If you are current on your loan (meaning you have not missed any payments) then you may be able to refinance your loan before going into delinquency. Depending on your current interest rate, and the amount you owe on your loan versus your home’s value, you could greatly reduce your monthly payments.

HUD Partial Claim

If your loan is FHA insured then it may be possible for your lender to receive a one-time payment from the FHA Insurance Funds to cover your loan’s delinquency. However, before you get excited remember that in these tough economic times thousands of homeowners are requesting this type of assistance.

Payment Plans

If you recently lost your job, or had a reduction in pay, and missed a few mortgage payments then you may be able to negotiate a repayment plan with your lender. This is where you make your usual mortgage payment, plus an amount of the total delinquency amount. Repayment plan terms can be as short as a month or two, and as along as a year, and at the end of the term you would have paid off your total delinquency. Afterwards, your mortgage payments will go back down to the original amount. Depending on your lender, you may have to submit a full financial disclosure, and possibly even a good faith payment upfront to begin the plan.

Loan Modification

A loan modification will allow you to negotiate more favorable terms to your current loan, without having to begin foreclosure proceedings. You may be able to negotiate a reduction to your interest rate, or even a direct reduction on the principal amount of your loan. Although you can attempt to negotiate directly with your loan company, it might be in your best interest to hire a professional if you are serious about modifying your loan. Lawyers and loan modification companies have experience dealing with lenders and can often reach a better settlement than you could have on your own.

Local Assistance Programs

Depending on what city or state your property is located in, you may be able to take advantage of a local assistance program. For example, the state of Pennsylvania offers a program known as Homeowners’ Emergency Mortgage Assistance where families facing foreclosure can receive emergency funds to help keep their homes.

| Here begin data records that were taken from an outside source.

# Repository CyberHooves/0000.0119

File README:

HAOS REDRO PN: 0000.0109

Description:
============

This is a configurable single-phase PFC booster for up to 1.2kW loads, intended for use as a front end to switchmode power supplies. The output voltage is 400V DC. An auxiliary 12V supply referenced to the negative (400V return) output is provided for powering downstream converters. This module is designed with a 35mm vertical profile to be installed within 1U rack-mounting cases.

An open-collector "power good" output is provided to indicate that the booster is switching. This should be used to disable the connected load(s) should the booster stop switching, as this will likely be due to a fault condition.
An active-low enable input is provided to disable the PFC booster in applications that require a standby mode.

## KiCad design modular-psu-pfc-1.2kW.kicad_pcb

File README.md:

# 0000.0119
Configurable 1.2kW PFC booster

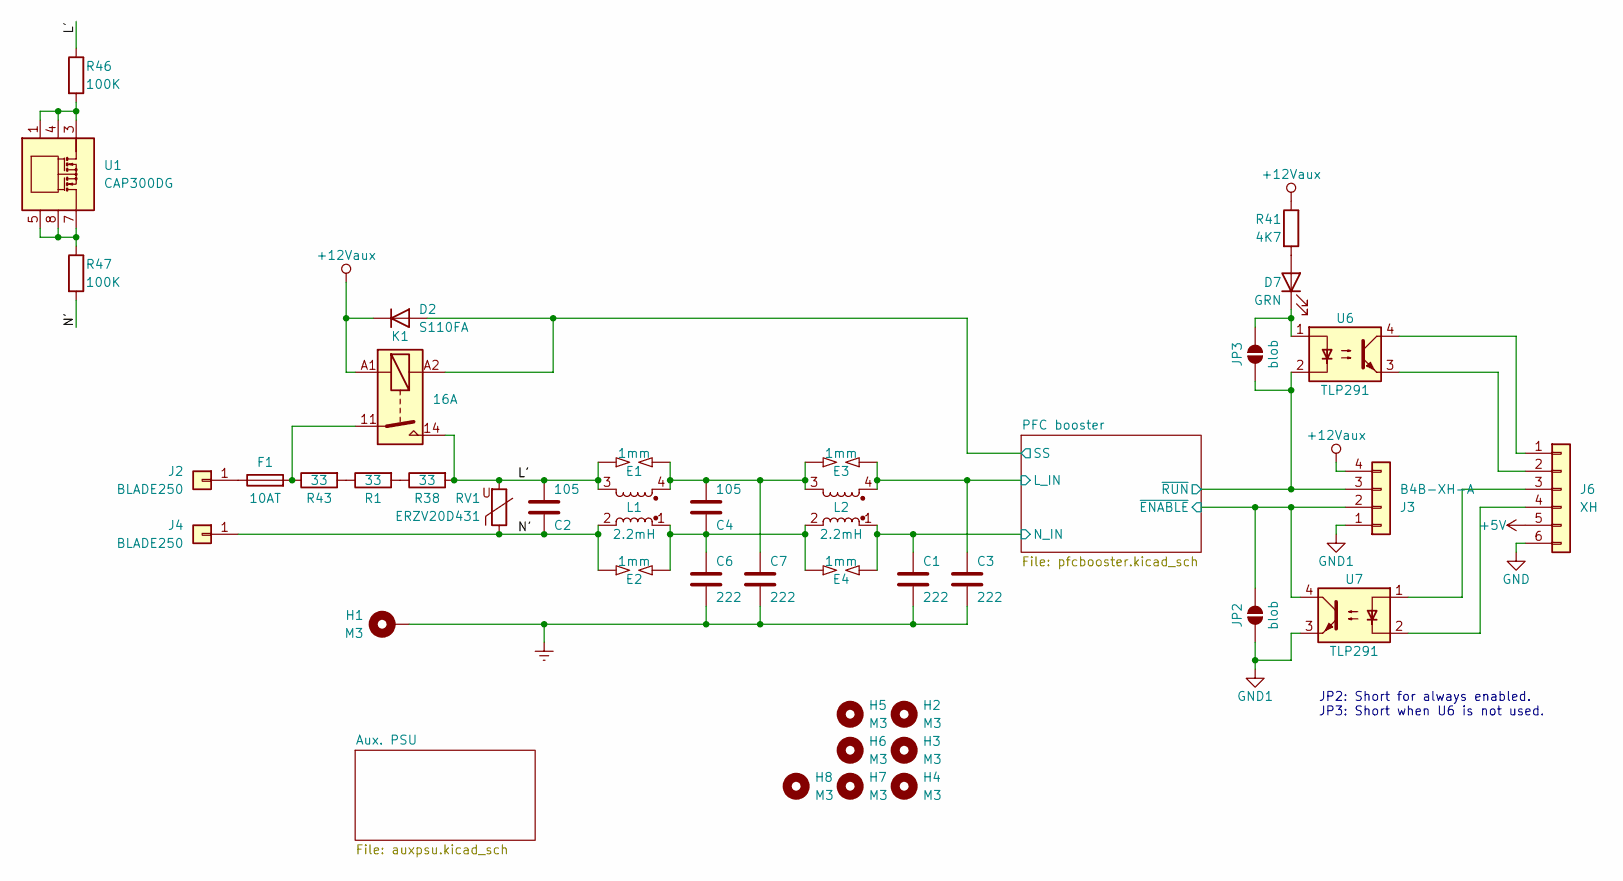
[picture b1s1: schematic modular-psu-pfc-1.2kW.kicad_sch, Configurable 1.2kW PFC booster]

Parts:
C1, C3, C6, C7: 222; C_Disc_D10.5mm_W5.0mm_P10.00mm
C2, C4: 105; C_Rect_L26.5mm_W11.5mm_P22.50mm_MKS4
D2: S110FA; D_SOD-123
D7: GRN; LED_D3.0mm_Clear
E1, E2, E3, E4: 1mm; SG_6MM_3SPIKE_GAP1MM
F1: 10AT; Fuseholder_Clip-6.3x32mm_Littelfuse_102071_Inline_P34.70x7.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
H1: M3; MountingHole_3.2mm_M3_Pad
H2, H3, H4, H5, H6, H7, H8: M3; MountingHole_3.2mm_M3
J2, J4: BLADE250; CON-BLADE250-VERTICAL
J3: B4B-XH-A; JST_XH_B4B-XH-AM_1x04_P2.50mm_Vertical
J6: XH; JST_XH_B6B-XH-AM_1x06_P2.50mm_Vertical
JP2, JP3: blob; SolderJumper-2_P1.3mm_Open_RoundedPad1.0x1.5mm
K1: 16A; Relay_SPST_Schrack-RT1-16A-FormA_RM5mm
L1, L2: 2.2mH; L_CommonMode_Toroid_Vertical_L30.5mm_W15.2mm_Px10.16mm_Py20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
R1, R38, R43: 33; R_Axial_DIN0617_L17.0mm_D6.0mm_P5.08mm_Vertical
R41: 4K7; R_0805_2012Metric
R46, R47: 100K; R_1210_3225Metric
RV1: ERZV20D431; RV_Disc_D21.5mm_W4.7mm_P10mm
U1: CAP300DG; SOIC-8_3.9x4.9mm_P1.27mm
U6, U7: TLP291; SOP-4_7.5x4.1mm_P2.54mm

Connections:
+5V: J6.5; also elsewhere on the board
+12Vaux: D2.1 (K), J3.4, K1.A1, R41.1; also elsewhere on the board
/L': C2.2, E1.1, K1.14, L1.3, R38.2, R46.1, RV1.2
/N': C2.1, E2.1, J4.1, L1.2, R47.2, RV1.1
/PFC booster/L_IN: C3.1, E3.2, L2.4; also elsewhere on the board
/PFC booster/N_IN: C1.1, E4.2, L2.1; also elsewhere on the board
/PFC booster/SS: D2.2 (A), K1.A2; also elsewhere on the board
/PFC booster/~ENABLE: J3.2, JP2.2 (B), U7.4; also elsewhere on the board
/PFC booster/~RUN: J3.3, JP3.1 (A), U6.2; also elsewhere on the board
Earth: C1.2, C3.2, C6.2, C7.2, H1.1
GND: J6.6; also elsewhere on the board
GND1: J3.1, JP2.1 (A), U7.3; also elsewhere on the board
unnamed: C4.1, C6.1, E2.2, E4.1, L1.1, L2.2
unnamed: C4.2, C7.1, E1.2, E3.1, L1.4, L2.3
unnamed: D7.2 (A), R41.2
unnamed: D7.1 (K), JP3.2 (B), U6.1
unnamed: F1.2, K1.11, R43.1
unnamed: F1.1, J2.1
unnamed: J6.1, U6.4
unnamed: J6.2, U6.3
unnamed: J6.3, U7.1
unnamed: J6.4, U7.2
unnamed: R1.1, R43.2
unnamed: R1.2, R38.1
unnamed: R46.2, U1.1, U1.2, U1.3, U1.4
unnamed: R47.1, U1.5, U1.6, U1.7, U1.8

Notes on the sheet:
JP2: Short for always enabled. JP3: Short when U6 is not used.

Before beginning foreclosure proceedings, be sure to do research about local assistance programs to see if there are any that you might be able to take advantage of.

Pre-Foreclosure Sale

If you lost your job or are experiencing a long-term reduction in your income, then you may need to work with your lender to set up a pre-foreclosure sale. This means selling your home at a reduced price in order to avoid being forced into foreclosure. Although this option can be somewhat damaging to your credit, it can get you out of your loan so that you and your family can begin to settle your financial troubles.

Deed-in-Lieu of Foreclosure

A last resort to avoid foreclosure is known as a dead-in-lieu of foreclosure. In this situation, you are basically giving your house back to the lender. Although this may sound like a terrible idea to some, it is actually quite a bit less harmful to your credit score than a foreclosure.